* _The task_: Copy out the data below as written; omit any images.

* _Data supplied_:

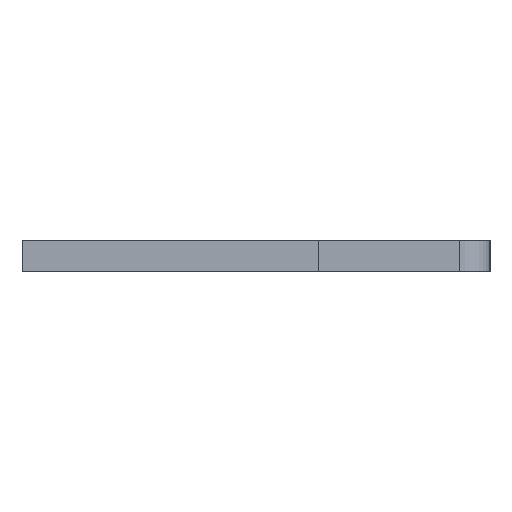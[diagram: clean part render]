
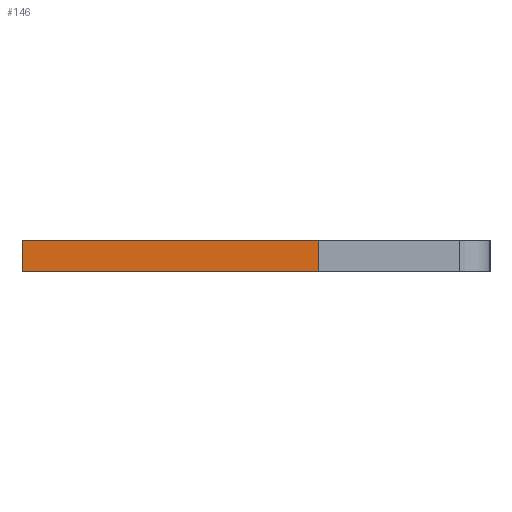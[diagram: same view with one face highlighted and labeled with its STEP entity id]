
A CAD part, left-side view. The second image highlights one B-rep face of the part: STEP entity #146.
In plain terms, the highlighted face is planar.
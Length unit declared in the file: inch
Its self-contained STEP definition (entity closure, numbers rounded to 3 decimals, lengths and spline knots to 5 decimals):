
#58 = VERTEX_POINT ( 'NONE', #482 ) ;
#90 = VECTOR ( 'NONE', #1336, 39.37008 ) ;
#127 = FACE_OUTER_BOUND ( 'NONE', #144, .T. ) ;
#144 = EDGE_LOOP ( 'NONE', ( #749, #285, #961, #238 ) ) ;
#146 = ADVANCED_FACE ( 'NONE', ( #127 ), #915, .F. ) ;
#213 = VECTOR ( 'NONE', #1188, 39.37008 ) ;
#226 = EDGE_CURVE ( 'NONE', #278, #924, #1163, .T. ) ;
#238 = ORIENTED_EDGE ( 'NONE', *, *, #824, .T. ) ;
#278 = VERTEX_POINT ( 'NONE', #955 ) ;
#285 = ORIENTED_EDGE ( 'NONE', *, *, #949, .F. ) ;
#310 = VECTOR ( 'NONE', #395, 39.37008 ) ;
#328 = DIRECTION ( 'NONE',  ( -1., 0., 0. ) ) ;
#359 = VECTOR ( 'NONE', #328, 39.37008 ) ;
#366 = DIRECTION ( 'NONE',  ( 0., 0., 1. ) ) ;
#395 = DIRECTION ( 'NONE',  ( 0., 1., 0. ) ) ;
#433 = CARTESIAN_POINT ( 'NONE',  ( -0.01, 0.15, -0.04 ) ) ;
#455 = LINE ( 'NONE', #1181, #213 ) ;
#482 = CARTESIAN_POINT ( 'NONE',  ( 0.01, 0.15, -0.04 ) ) ;
#653 = LINE ( 'NONE', #1217, #359 ) ;
#696 = DIRECTION ( 'NONE',  ( 1., 0., 0. ) ) ;
#721 = CARTESIAN_POINT ( 'NONE',  ( -0.01, 0.15, -0.04 ) ) ;
#743 = EDGE_CURVE ( 'NONE', #1157, #58, #455, .T. ) ;
#749 = ORIENTED_EDGE ( 'NONE', *, *, #226, .T. ) ;
#811 = AXIS2_PLACEMENT_3D ( 'NONE', #1260, #366, #696 ) ;
#824 = EDGE_CURVE ( 'NONE', #1157, #278, #1183, .T. ) ;
#915 = PLANE ( 'NONE',  #811 ) ;
#924 = VERTEX_POINT ( 'NONE', #433 ) ;
#949 = EDGE_CURVE ( 'NONE', #58, #924, #653, .T. ) ;
#955 = CARTESIAN_POINT ( 'NONE',  ( -0.01, -0.04, -0.04 ) ) ;
#961 = ORIENTED_EDGE ( 'NONE', *, *, #743, .F. ) ;
#1136 = CARTESIAN_POINT ( 'NONE',  ( 0.01, -0.04, -0.04 ) ) ;
#1157 = VERTEX_POINT ( 'NONE', #1136 ) ;
#1163 = LINE ( 'NONE', #721, #310 ) ;
#1181 = CARTESIAN_POINT ( 'NONE',  ( 0.01, 0.15, -0.04 ) ) ;
#1183 = LINE ( 'NONE', #1403, #90 ) ;
#1188 = DIRECTION ( 'NONE',  ( 0., 1., 0. ) ) ;
#1217 = CARTESIAN_POINT ( 'NONE',  ( 0.01, 0.15, -0.04 ) ) ;
#1260 = CARTESIAN_POINT ( 'NONE',  ( 0.01, 0.15, -0.04 ) ) ;
#1336 = DIRECTION ( 'NONE',  ( -1., 0., 0. ) ) ;
#1403 = CARTESIAN_POINT ( 'NONE',  ( 0.01, -0.04, -0.04 ) ) ;

* _Response area_:
[diagram: clean part render]
[diagram: same view with one face highlighted and labeled with its STEP entity id]
A CAD part, left-side view. The second image highlights one B-rep face of the part: STEP entity #146.
In plain terms, the highlighted face is planar.
Length unit declared in the file: inch
Its self-contained STEP definition (entity closure, numbers rounded to 3 decimals, lengths and spline knots to 5 decimals):
#58 = VERTEX_POINT ( 'NONE', #482 ) ;
#90 = VECTOR ( 'NONE', #1336, 39.37008 ) ;
#127 = FACE_OUTER_BOUND ( 'NONE', #144, .T. ) ;
#144 = EDGE_LOOP ( 'NONE', ( #749, #285, #961, #238 ) ) ;
#146 = ADVANCED_FACE ( 'NONE', ( #127 ), #915, .F. ) ;
#213 = VECTOR ( 'NONE', #1188, 39.37008 ) ;
#226 = EDGE_CURVE ( 'NONE', #278, #924, #1163, .T. ) ;
#238 = ORIENTED_EDGE ( 'NONE', *, *, #824, .T. ) ;
#278 = VERTEX_POINT ( 'NONE', #955 ) ;
#285 = ORIENTED_EDGE ( 'NONE', *, *, #949, .F. ) ;
#310 = VECTOR ( 'NONE', #395, 39.37008 ) ;
#328 = DIRECTION ( 'NONE',  ( -1., 0., 0. ) ) ;
#359 = VECTOR ( 'NONE', #328, 39.37008 ) ;
#366 = DIRECTION ( 'NONE',  ( 0., 0., 1. ) ) ;
#395 = DIRECTION ( 'NONE',  ( 0., 1., 0. ) ) ;
#433 = CARTESIAN_POINT ( 'NONE',  ( -0.01, 0.15, -0.04 ) ) ;
#455 = LINE ( 'NONE', #1181, #213 ) ;
#482 = CARTESIAN_POINT ( 'NONE',  ( 0.01, 0.15, -0.04 ) ) ;
#653 = LINE ( 'NONE', #1217, #359 ) ;
#696 = DIRECTION ( 'NONE',  ( 1., 0., 0. ) ) ;
#721 = CARTESIAN_POINT ( 'NONE',  ( -0.01, 0.15, -0.04 ) ) ;
#743 = EDGE_CURVE ( 'NONE', #1157, #58, #455, .T. ) ;
#749 = ORIENTED_EDGE ( 'NONE', *, *, #226, .T. ) ;
#811 = AXIS2_PLACEMENT_3D ( 'NONE', #1260, #366, #696 ) ;
#824 = EDGE_CURVE ( 'NONE', #1157, #278, #1183, .T. ) ;
#915 = PLANE ( 'NONE',  #811 ) ;
#924 = VERTEX_POINT ( 'NONE', #433 ) ;
#949 = EDGE_CURVE ( 'NONE', #58, #924, #653, .T. ) ;
#955 = CARTESIAN_POINT ( 'NONE',  ( -0.01, -0.04, -0.04 ) ) ;
#961 = ORIENTED_EDGE ( 'NONE', *, *, #743, .F. ) ;
#1136 = CARTESIAN_POINT ( 'NONE',  ( 0.01, -0.04, -0.04 ) ) ;
#1157 = VERTEX_POINT ( 'NONE', #1136 ) ;
#1163 = LINE ( 'NONE', #721, #310 ) ;
#1181 = CARTESIAN_POINT ( 'NONE',  ( 0.01, 0.15, -0.04 ) ) ;
#1183 = LINE ( 'NONE', #1403, #90 ) ;
#1188 = DIRECTION ( 'NONE',  ( 0., 1., 0. ) ) ;
#1217 = CARTESIAN_POINT ( 'NONE',  ( 0.01, 0.15, -0.04 ) ) ;
#1260 = CARTESIAN_POINT ( 'NONE',  ( 0.01, 0.15, -0.04 ) ) ;
#1336 = DIRECTION ( 'NONE',  ( -1., 0., 0. ) ) ;
#1403 = CARTESIAN_POINT ( 'NONE',  ( 0.01, -0.04, -0.04 ) ) ;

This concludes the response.